# Riquísimo



## generz

Hello, what does this words translate to in English?

RIQUISIMO 

I guess the simpler version of the word would be something like riquo?

Thanks in advance,

Gene.


----------



## Norni

Hi Generz,

Riquísimo is a emphatic way of saying "rico". I think that the best translation is delicious.


----------



## lazarus1907

Hi,

The ending -ísimo is used to form the superlative of adjectives (absolute). Here the adjective is "rico", which means "rich" or "tasty" depending on the context. It could be translated as "super-rich" and "delicious".


----------



## Pilar Polledo

generz said:
			
		

> Hello, what does this words translate to in English?
> 
> RIQUISIMO
> 
> I guess the simpler version of the word would be something like riquo  *rico *?
> 
> Thanks in advance,
> 
> Gene.


 
It depends on the context. For example if you speaking about meals it could be 'TASTY'.
Does it help?


----------



## Residente Calle 13

Other examples:

bueno > buenísimo
bella > bellísima


----------



## lazarus1907

Residente Calle 13 said:
			
		

> That *-ísimo* ending, borrowed from Italian is an augmentative.


¿Sabes en qué siglo?


----------



## Pilar Polledo

Que me corrijan los entendidos pero en España cuando ves a un cachorrito por la calle, dices: Qué rico es!

El equivalente de ese "rico" en inglés sería 'CUTE'?


----------



## generz

cool, thanks a lot... that was what I thought, but the change from C to q kinda threw me off...


----------



## Mariaguadalupe

Lazarus is on target here.  It depends if referring to money-super rich, if about food-super delicious.  

People in northern México do tend to speak using an excess of superlatives and diminutives.  That's one way to identify us when we speak.  (oops!)


----------



## generz

Mariaguadalupe said:
			
		

> Lazarus is on target here.  It depends if referring to money-super rich, if about food-super delicious.
> 
> People in northern México do tend to speak using an excess of superlatives and diminutives.  That's one way to identify us when we speak.  (oops!)

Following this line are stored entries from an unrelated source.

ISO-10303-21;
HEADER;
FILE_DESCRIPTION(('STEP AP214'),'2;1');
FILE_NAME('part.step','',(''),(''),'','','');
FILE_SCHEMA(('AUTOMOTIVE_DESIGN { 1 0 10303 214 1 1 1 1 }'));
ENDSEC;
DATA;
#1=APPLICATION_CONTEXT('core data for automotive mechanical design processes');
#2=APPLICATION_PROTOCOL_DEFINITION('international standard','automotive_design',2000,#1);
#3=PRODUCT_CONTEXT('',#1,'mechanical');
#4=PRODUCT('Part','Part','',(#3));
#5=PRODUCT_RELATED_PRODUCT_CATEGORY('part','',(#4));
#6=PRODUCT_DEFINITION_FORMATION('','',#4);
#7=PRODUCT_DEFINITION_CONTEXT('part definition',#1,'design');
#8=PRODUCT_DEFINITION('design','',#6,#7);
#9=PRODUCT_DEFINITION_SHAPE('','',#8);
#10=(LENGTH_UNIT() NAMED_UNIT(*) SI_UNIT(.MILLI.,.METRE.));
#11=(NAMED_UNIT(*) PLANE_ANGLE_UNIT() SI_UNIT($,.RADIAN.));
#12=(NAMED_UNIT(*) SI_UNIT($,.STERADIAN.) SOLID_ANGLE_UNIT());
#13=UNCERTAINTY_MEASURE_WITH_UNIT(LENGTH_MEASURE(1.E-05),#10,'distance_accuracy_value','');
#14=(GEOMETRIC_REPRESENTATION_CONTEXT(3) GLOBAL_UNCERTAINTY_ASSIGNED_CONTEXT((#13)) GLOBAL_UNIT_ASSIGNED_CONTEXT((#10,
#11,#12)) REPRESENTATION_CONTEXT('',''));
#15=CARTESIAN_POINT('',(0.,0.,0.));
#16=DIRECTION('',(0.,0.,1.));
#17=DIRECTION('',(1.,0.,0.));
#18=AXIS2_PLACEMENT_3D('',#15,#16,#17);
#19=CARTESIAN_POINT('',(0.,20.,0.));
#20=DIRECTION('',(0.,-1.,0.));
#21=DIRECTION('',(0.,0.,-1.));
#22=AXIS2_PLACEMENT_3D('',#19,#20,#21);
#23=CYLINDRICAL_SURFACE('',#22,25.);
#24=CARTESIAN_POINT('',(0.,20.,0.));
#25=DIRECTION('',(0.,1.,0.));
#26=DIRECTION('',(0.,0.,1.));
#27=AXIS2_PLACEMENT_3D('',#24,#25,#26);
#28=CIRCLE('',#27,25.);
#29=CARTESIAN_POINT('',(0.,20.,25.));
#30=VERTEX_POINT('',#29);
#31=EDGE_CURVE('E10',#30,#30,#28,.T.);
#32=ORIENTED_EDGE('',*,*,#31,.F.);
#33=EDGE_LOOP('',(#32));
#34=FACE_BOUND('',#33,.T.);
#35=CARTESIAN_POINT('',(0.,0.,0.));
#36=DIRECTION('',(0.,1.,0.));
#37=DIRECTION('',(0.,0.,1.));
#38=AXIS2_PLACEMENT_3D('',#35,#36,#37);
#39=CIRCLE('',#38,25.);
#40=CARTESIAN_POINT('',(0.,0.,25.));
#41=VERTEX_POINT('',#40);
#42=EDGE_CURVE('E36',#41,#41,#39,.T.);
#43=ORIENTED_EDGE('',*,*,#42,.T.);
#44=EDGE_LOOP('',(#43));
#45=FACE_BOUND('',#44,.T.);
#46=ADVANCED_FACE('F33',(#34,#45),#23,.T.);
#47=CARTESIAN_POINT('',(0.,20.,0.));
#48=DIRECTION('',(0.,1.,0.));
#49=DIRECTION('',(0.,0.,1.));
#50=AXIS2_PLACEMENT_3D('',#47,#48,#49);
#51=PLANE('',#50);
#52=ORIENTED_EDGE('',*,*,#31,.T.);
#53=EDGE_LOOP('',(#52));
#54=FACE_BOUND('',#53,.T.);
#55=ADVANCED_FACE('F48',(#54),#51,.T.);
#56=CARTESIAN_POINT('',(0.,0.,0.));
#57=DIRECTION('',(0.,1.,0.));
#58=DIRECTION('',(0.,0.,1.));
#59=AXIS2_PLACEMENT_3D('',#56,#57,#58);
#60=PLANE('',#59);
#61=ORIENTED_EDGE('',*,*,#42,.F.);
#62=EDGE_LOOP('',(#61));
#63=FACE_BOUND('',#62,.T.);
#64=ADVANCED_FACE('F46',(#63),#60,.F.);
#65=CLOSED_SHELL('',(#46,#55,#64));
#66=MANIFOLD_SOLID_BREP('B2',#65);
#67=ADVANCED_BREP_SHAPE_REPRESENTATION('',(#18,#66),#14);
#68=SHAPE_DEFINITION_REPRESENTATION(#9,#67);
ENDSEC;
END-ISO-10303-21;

Cool... just for the record, this word was said to me (by email) from a Nica (nicaraguan).  They also use a lot of superlatives, or perhaps just she does.


----------



## Residente Calle 13

lazarus1907 said:
			
		

> ¿Sabes en qué siglo?


From what I've read:

The affix *-ísimo* was not used extensively as a superlative in Spanish until the sixteenth  century. (Penny 130)

I don't have anything to backup that it's from Italian, and that's why I removed that part from my post, although I have read that it's probably the source. 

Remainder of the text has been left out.